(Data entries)
= = = = =
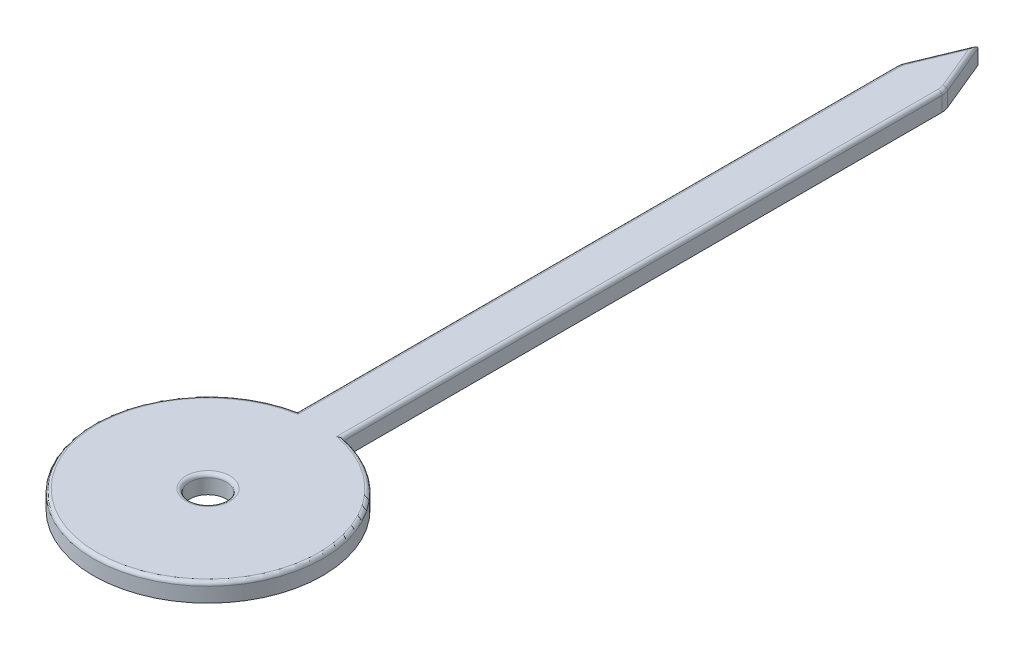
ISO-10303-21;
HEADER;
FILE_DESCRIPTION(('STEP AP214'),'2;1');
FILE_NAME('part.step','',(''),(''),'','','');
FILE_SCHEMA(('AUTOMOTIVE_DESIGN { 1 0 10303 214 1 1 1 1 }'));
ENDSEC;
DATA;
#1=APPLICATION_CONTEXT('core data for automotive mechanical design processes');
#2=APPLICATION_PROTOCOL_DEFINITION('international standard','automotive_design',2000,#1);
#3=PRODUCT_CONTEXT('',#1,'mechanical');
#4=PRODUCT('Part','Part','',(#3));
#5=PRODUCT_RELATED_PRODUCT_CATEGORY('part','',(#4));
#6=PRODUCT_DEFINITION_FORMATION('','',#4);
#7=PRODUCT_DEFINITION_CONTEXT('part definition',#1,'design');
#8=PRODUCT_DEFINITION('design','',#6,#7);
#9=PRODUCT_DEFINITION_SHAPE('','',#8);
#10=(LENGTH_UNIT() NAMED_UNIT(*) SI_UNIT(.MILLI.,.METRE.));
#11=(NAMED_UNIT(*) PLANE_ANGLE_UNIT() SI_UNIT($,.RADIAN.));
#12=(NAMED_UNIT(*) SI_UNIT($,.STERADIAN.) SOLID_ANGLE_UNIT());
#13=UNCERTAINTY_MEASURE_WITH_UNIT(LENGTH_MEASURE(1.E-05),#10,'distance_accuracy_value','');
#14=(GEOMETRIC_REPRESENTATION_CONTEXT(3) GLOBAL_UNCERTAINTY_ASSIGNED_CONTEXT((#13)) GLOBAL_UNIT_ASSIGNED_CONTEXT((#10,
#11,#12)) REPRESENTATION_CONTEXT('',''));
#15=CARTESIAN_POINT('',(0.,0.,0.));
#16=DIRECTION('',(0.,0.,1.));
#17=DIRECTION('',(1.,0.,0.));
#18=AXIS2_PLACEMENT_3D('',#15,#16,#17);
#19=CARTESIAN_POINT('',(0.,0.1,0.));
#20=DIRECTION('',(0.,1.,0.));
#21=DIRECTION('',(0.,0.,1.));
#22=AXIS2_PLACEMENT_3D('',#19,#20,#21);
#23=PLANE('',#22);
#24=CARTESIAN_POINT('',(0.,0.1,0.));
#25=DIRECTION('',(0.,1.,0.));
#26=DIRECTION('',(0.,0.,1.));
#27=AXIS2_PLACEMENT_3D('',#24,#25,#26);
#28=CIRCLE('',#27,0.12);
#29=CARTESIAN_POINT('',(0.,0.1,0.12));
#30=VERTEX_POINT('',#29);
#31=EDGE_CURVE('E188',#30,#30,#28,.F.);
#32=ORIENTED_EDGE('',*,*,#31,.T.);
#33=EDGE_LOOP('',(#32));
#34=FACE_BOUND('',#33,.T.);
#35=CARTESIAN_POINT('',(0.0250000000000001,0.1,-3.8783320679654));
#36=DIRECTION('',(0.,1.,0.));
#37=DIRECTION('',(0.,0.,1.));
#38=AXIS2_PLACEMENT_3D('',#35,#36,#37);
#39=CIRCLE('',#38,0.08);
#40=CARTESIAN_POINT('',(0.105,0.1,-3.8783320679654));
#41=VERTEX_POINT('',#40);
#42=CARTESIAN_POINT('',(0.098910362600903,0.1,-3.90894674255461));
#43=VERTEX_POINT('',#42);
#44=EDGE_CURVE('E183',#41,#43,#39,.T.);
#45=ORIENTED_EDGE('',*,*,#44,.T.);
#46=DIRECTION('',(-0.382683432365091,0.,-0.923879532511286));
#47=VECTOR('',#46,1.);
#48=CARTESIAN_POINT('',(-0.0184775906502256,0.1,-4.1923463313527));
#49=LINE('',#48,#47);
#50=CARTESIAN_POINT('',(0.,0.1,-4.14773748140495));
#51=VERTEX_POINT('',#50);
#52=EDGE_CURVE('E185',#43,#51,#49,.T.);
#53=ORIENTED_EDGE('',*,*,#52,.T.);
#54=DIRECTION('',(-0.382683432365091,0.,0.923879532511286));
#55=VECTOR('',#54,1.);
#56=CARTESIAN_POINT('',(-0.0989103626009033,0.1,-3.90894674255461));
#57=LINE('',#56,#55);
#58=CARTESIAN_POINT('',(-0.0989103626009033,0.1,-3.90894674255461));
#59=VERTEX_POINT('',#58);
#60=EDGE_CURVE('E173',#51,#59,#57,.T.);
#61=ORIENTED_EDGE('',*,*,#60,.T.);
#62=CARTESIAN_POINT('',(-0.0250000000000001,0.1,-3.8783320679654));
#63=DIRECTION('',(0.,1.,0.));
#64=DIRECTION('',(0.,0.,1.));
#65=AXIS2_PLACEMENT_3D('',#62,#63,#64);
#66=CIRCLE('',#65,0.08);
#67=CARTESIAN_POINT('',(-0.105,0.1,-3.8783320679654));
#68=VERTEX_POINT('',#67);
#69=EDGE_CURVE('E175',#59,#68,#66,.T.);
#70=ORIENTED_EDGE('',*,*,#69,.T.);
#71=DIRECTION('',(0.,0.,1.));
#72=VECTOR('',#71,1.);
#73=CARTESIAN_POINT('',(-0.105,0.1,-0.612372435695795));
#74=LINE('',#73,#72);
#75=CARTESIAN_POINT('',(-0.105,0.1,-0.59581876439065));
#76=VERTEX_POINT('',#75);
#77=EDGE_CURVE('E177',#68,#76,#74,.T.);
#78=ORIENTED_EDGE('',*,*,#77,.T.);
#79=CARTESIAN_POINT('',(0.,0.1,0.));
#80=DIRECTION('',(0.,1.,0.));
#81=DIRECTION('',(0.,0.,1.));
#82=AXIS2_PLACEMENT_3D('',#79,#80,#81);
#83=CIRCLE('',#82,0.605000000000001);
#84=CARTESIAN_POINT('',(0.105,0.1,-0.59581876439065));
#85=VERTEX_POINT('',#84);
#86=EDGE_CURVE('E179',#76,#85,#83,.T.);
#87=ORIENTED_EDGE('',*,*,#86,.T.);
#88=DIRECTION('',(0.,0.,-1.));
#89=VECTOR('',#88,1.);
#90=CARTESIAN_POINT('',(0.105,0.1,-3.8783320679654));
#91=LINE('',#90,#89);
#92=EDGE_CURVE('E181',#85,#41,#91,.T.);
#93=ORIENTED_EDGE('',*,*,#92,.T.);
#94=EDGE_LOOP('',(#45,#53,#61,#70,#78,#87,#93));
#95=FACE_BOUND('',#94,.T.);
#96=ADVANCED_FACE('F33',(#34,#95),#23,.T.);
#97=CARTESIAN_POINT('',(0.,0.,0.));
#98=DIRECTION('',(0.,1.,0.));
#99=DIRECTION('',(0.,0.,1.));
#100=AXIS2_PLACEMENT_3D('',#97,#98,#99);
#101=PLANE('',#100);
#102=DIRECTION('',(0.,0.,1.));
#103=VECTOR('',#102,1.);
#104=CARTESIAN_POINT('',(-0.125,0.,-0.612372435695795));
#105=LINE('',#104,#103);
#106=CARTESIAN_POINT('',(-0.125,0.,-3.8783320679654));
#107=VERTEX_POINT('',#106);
= = = = =
Problem statement: Would you print exactly, and only, the lines of the data above from the line with "#41=VERTEX_POINT('',#40);" through the line with "#81=DIRECTION('',(0.,0.,1.));", inclusive?

The answer:
#41=VERTEX_POINT('',#40);
#42=CARTESIAN_POINT('',(0.098910362600903,0.1,-3.90894674255461));
#43=VERTEX_POINT('',#42);
#44=EDGE_CURVE('E183',#41,#43,#39,.T.);
#45=ORIENTED_EDGE('',*,*,#44,.T.);
#46=DIRECTION('',(-0.382683432365091,0.,-0.923879532511286));
#47=VECTOR('',#46,1.);
#48=CARTESIAN_POINT('',(-0.0184775906502256,0.1,-4.1923463313527));
#49=LINE('',#48,#47);
#50=CARTESIAN_POINT('',(0.,0.1,-4.14773748140495));
#51=VERTEX_POINT('',#50);
#52=EDGE_CURVE('E185',#43,#51,#49,.T.);
#53=ORIENTED_EDGE('',*,*,#52,.T.);
#54=DIRECTION('',(-0.382683432365091,0.,0.923879532511286));
#55=VECTOR('',#54,1.);
#56=CARTESIAN_POINT('',(-0.0989103626009033,0.1,-3.90894674255461));
#57=LINE('',#56,#55);
#58=CARTESIAN_POINT('',(-0.0989103626009033,0.1,-3.90894674255461));
#59=VERTEX_POINT('',#58);
#60=EDGE_CURVE('E173',#51,#59,#57,.T.);
#61=ORIENTED_EDGE('',*,*,#60,.T.);
#62=CARTESIAN_POINT('',(-0.0250000000000001,0.1,-3.8783320679654));
#63=DIRECTION('',(0.,1.,0.));
#64=DIRECTION('',(0.,0.,1.));
#65=AXIS2_PLACEMENT_3D('',#62,#63,#64);
#66=CIRCLE('',#65,0.08);
#67=CARTESIAN_POINT('',(-0.105,0.1,-3.8783320679654));
#68=VERTEX_POINT('',#67);
#69=EDGE_CURVE('E175',#59,#68,#66,.T.);
#70=ORIENTED_EDGE('',*,*,#69,.T.);
#71=DIRECTION('',(0.,0.,1.));
#72=VECTOR('',#71,1.);
#73=CARTESIAN_POINT('',(-0.105,0.1,-0.612372435695795));
#74=LINE('',#73,#72);
#75=CARTESIAN_POINT('',(-0.105,0.1,-0.59581876439065));
#76=VERTEX_POINT('',#75);
#77=EDGE_CURVE('E177',#68,#76,#74,.T.);
#78=ORIENTED_EDGE('',*,*,#77,.T.);
#79=CARTESIAN_POINT('',(0.,0.1,0.));
#80=DIRECTION('',(0.,1.,0.));
#81=DIRECTION('',(0.,0.,1.));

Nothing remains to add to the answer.